Fig. 2: Dislocation analysis in dual-scale shell-lattice metamaterials.

a High-angle angular dark field scanning transmission electron microscopy (HAADF-STEM) cross-section images contrasting the morphology of dislocation-starved grain structure in layer-by-layer growth mode and the dislocation-rich grain structure in screw dislocation growth mode. The sharp steps (red line) penetrated by multiple dislocation arrays (green line). Scale bar: 500 nm. b Diffraction contrast TEM imaging of the dislocation under two-beam conditions of [110] zone axis. TEM images with selected area electron diffraction (SAED) patterns inset under strong two-beam conditions of \((\bar{1}11)\), \((0\bar{2}2)\), and \((1\bar{1}1)\), respectively.
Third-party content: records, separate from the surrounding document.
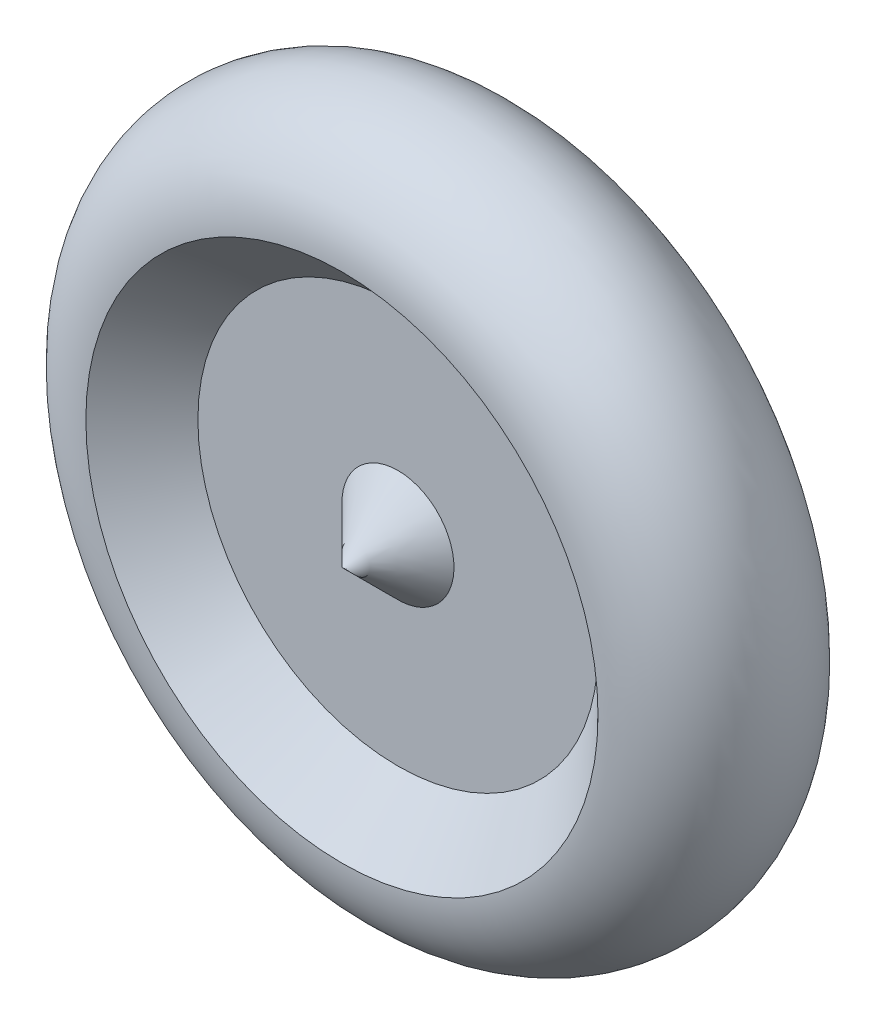
ISO-10303-21;
HEADER;
FILE_DESCRIPTION(('STEP AP214'),'2;1');
FILE_NAME('part.step','',(''),(''),'','','');
FILE_SCHEMA(('AUTOMOTIVE_DESIGN { 1 0 10303 214 1 1 1 1 }'));
ENDSEC;
DATA;
#1=APPLICATION_CONTEXT('core data for automotive mechanical design processes');
#2=APPLICATION_PROTOCOL_DEFINITION('international standard','automotive_design',2000,#1);
#3=PRODUCT_CONTEXT('',#1,'mechanical');
#4=PRODUCT('Part','Part','',(#3));
#5=PRODUCT_RELATED_PRODUCT_CATEGORY('part','',(#4));
#6=PRODUCT_DEFINITION_FORMATION('','',#4);
#7=PRODUCT_DEFINITION_CONTEXT('part definition',#1,'design');
#8=PRODUCT_DEFINITION('design','',#6,#7);
#9=PRODUCT_DEFINITION_SHAPE('','',#8);
#10=(LENGTH_UNIT() NAMED_UNIT(*) SI_UNIT(.MILLI.,.METRE.));
#11=(NAMED_UNIT(*) PLANE_ANGLE_UNIT() SI_UNIT($,.RADIAN.));
#12=(NAMED_UNIT(*) SI_UNIT($,.STERADIAN.) SOLID_ANGLE_UNIT());
#13=UNCERTAINTY_MEASURE_WITH_UNIT(LENGTH_MEASURE(1.E-05),#10,'distance_accuracy_value','');
#14=(GEOMETRIC_REPRESENTATION_CONTEXT(3) GLOBAL_UNCERTAINTY_ASSIGNED_CONTEXT((#13)) GLOBAL_UNIT_ASSIGNED_CONTEXT((#10,
#11,#12)) REPRESENTATION_CONTEXT('',''));
#15=CARTESIAN_POINT('',(0.,0.,0.));
#16=DIRECTION('',(0.,0.,1.));
#17=DIRECTION('',(1.,0.,0.));
#18=AXIS2_PLACEMENT_3D('',#15,#16,#17);
#19=CARTESIAN_POINT('',(0.,0.,12.5));
#20=DIRECTION('',(0.,0.,1.));
#21=DIRECTION('',(0.,-1.,0.));
#22=AXIS2_PLACEMENT_3D('',#19,#20,#21);
#23=CONICAL_SURFACE('',#22,62.5,0.785398163397447);
#24=CARTESIAN_POINT('',(0.,0.,30.));
#25=DIRECTION('',(0.,0.,-1.));
#26=DIRECTION('',(0.,1.,0.));
#27=AXIS2_PLACEMENT_3D('',#24,#25,#26);
#28=CIRCLE('',#27,80.);
#29=CARTESIAN_POINT('',(0.,80.,30.));
#30=VERTEX_POINT('',#29);
#31=EDGE_CURVE('E11',#30,#30,#28,.T.);
#32=ORIENTED_EDGE('',*,*,#31,.F.);
#33=EDGE_LOOP('',(#32));
#34=FACE_BOUND('',#33,.T.);
#35=CARTESIAN_POINT('',(0.,0.,12.5));
#36=DIRECTION('',(0.,0.,-1.));
#37=DIRECTION('',(0.,1.,0.));
#38=AXIS2_PLACEMENT_3D('',#35,#36,#37);
#39=CIRCLE('',#38,62.5);
#40=CARTESIAN_POINT('',(0.,62.5,12.5));
#41=VERTEX_POINT('',#40);
#42=EDGE_CURVE('E87',#41,#41,#39,.T.);
#43=ORIENTED_EDGE('',*,*,#42,.T.);
#44=EDGE_LOOP('',(#43));
#45=FACE_BOUND('',#44,.T.);
#46=ADVANCED_FACE('F45',(#34,#45),#23,.F.);
#47=CARTESIAN_POINT('',(0.,0.,0.));
#48=DIRECTION('',(0.,0.,-1.));
#49=DIRECTION('',(0.,1.,0.));
#50=AXIS2_PLACEMENT_3D('',#47,#48,#49);
#51=TOROIDAL_SURFACE('',#50,80.,30.);
#52=CARTESIAN_POINT('',(0.,0.,-30.));
#53=DIRECTION('',(0.,0.,-1.));
#54=DIRECTION('',(0.,1.,0.));
#55=AXIS2_PLACEMENT_3D('',#52,#53,#54);
#56=CIRCLE('',#55,80.);
#57=CARTESIAN_POINT('',(0.,80.,-30.));
#58=VERTEX_POINT('',#57);
#59=EDGE_CURVE('E53',#58,#58,#56,.T.);
#60=ORIENTED_EDGE('',*,*,#59,.F.);
#61=EDGE_LOOP('',(#60));
#62=FACE_BOUND('',#61,.T.);
#63=ORIENTED_EDGE('',*,*,#31,.T.);
#64=EDGE_LOOP('',(#63));
#65=FACE_BOUND('',#64,.T.);
#66=ADVANCED_FACE('F77',(#62,#65),#51,.T.);
#67=CARTESIAN_POINT('',(0.,0.,-12.5));
#68=DIRECTION('',(0.,0.,-1.));
#69=DIRECTION('',(0.,1.,0.));
#70=AXIS2_PLACEMENT_3D('',#67,#68,#69);
#71=CONICAL_SURFACE('',#70,62.5,0.785398163397448);
#72=ORIENTED_EDGE('',*,*,#59,.T.);
#73=EDGE_LOOP('',(#72));
#74=FACE_BOUND('',#73,.T.);
#75=CARTESIAN_POINT('',(0.,0.,-12.5));
#76=DIRECTION('',(0.,0.,-1.));
#77=DIRECTION('',(0.,1.,0.));
#78=AXIS2_PLACEMENT_3D('',#75,#76,#77);
#79=CIRCLE('',#78,62.5);
#80=CARTESIAN_POINT('',(0.,62.5,-12.5));
#81=VERTEX_POINT('',#80);
#82=EDGE_CURVE('E99',#81,#81,#79,.T.);
#83=ORIENTED_EDGE('',*,*,#82,.F.);
#84=EDGE_LOOP('',(#83));
#85=FACE_BOUND('',#84,.T.);
#86=ADVANCED_FACE('F72',(#74,#85),#71,.F.);
#87=CARTESIAN_POINT('',(0.,17.5,-12.5));
#88=DIRECTION('',(0.,0.,-1.));
#89=DIRECTION('',(0.,1.,0.));
#90=AXIS2_PLACEMENT_3D('',#87,#88,#89);
#91=PLANE('',#90);
#92=ORIENTED_EDGE('',*,*,#82,.T.);
#93=EDGE_LOOP('',(#92));
#94=FACE_BOUND('',#93,.T.);
#95=CARTESIAN_POINT('',(0.,0.,-12.5));
#96=DIRECTION('',(0.,0.,-1.));
#97=DIRECTION('',(0.,1.,0.));
#98=AXIS2_PLACEMENT_3D('',#95,#96,#97);
#99=CIRCLE('',#98,17.5);
#100=CARTESIAN_POINT('',(0.,17.5,-12.5));
#101=VERTEX_POINT('',#100);
#102=EDGE_CURVE('E94',#101,#101,#99,.T.);
#103=ORIENTED_EDGE('',*,*,#102,.F.);
#104=EDGE_LOOP('',(#103));
#105=FACE_BOUND('',#104,.T.);
#106=ADVANCED_FACE('F62',(#94,#105),#91,.T.);
#107=CARTESIAN_POINT('',(0.,0.,-30.));
#108=DIRECTION('',(0.,0.,1.));
#109=DIRECTION('',(0.,-1.,0.));
#110=AXIS2_PLACEMENT_3D('',#107,#108,#109);
#111=CONICAL_SURFACE('',#110,0.,0.785398163397449);
#112=ORIENTED_EDGE('',*,*,#102,.T.);
#113=EDGE_LOOP('',(#112));
#114=FACE_BOUND('',#113,.T.);
#115=CARTESIAN_POINT('',(0.,0.,-30.));
#116=VERTEX_POINT('',#115);
#117=VERTEX_LOOP('',#116);
#118=FACE_BOUND('',#117,.T.);
#119=ADVANCED_FACE('F59',(#114,#118),#111,.T.);
#120=CARTESIAN_POINT('',(0.,0.,30.));
#121=DIRECTION('',(0.,0.,-1.));
#122=DIRECTION('',(0.,1.,0.));
#123=AXIS2_PLACEMENT_3D('',#120,#121,#122);
#124=CONICAL_SURFACE('',#123,0.,0.785398163397449);
#125=CARTESIAN_POINT('',(0.,0.,12.5));
#126=DIRECTION('',(0.,0.,-1.));
#127=DIRECTION('',(0.,1.,0.));
#128=AXIS2_PLACEMENT_3D('',#125,#126,#127);
#129=CIRCLE('',#128,17.5);
#130=CARTESIAN_POINT('',(0.,17.5,12.5));
#131=VERTEX_POINT('',#130);
#132=EDGE_CURVE('E90',#131,#131,#129,.T.);
#133=ORIENTED_EDGE('',*,*,#132,.F.);
#134=EDGE_LOOP('',(#133));
#135=FACE_BOUND('',#134,.T.);
#136=CARTESIAN_POINT('',(0.,0.,30.));
#137=VERTEX_POINT('',#136);
#138=VERTEX_LOOP('',#137);
#139=FACE_BOUND('',#138,.T.);
#140=ADVANCED_FACE('F61',(#135,#139),#124,.T.);
#141=CARTESIAN_POINT('',(0.,17.5,12.5));
#142=DIRECTION('',(0.,0.,-1.));
#143=DIRECTION('',(0.,1.,0.));
#144=AXIS2_PLACEMENT_3D('',#141,#142,#143);
#145=PLANE('',#144);
#146=ORIENTED_EDGE('',*,*,#42,.F.);
#147=EDGE_LOOP('',(#146));
#148=FACE_BOUND('',#147,.T.);
#149=ORIENTED_EDGE('',*,*,#132,.T.);
#150=EDGE_LOOP('',(#149));
#151=FACE_BOUND('',#150,.T.);
#152=ADVANCED_FACE('F69',(#148,#151),#145,.F.);
#153=CLOSED_SHELL('',(#46,#66,#86,#106,#119,#140,#152));
#154=MANIFOLD_SOLID_BREP('B2',#153);
#155=ADVANCED_BREP_SHAPE_REPRESENTATION('',(#18,#154),#14);
#156=SHAPE_DEFINITION_REPRESENTATION(#9,#155);
ENDSEC;
END-ISO-10303-21;

The diffraction contrast was strong when the \({{{\bf{g}}}}\) vector parallel to the dislocation direction, while became invisible when the g vector was excited in \((1\bar{1}1)\). The calculated Burgers vector direction was [110], suggesting the Burgers vector of this dislocation had a large screw component. Scale bar: 300 nm. c HAADF-STEM images and corresponding schematic present the distribution of different dislocation line types. Scale bar: 500 nm. d Statistical result revealing the total dislocation density, geometrically necessary dislocation (GND), and the percentage of different dislocation types. e Three-dimensional Kernel average misorientation (KAM) map showing the high-density dislocations in shell-lattice metamaterials. The color scale indicates the misorientation angle range. High-resolution TEM (HRTEM) image displaying the typical (f) edge dislocation and (g) screw dislocation, as well as their corresponding Burgers vector and geometric phase analysis (GPA) strain analysis. The yellow arrow represents the Burgers circuit. The white circle indicates the position of the screw dislocation. Scale bar: 2 nm. The color scale represents normalized strain values from compressive (negative) to tensile (positive). Source data are provided as a Source Data file.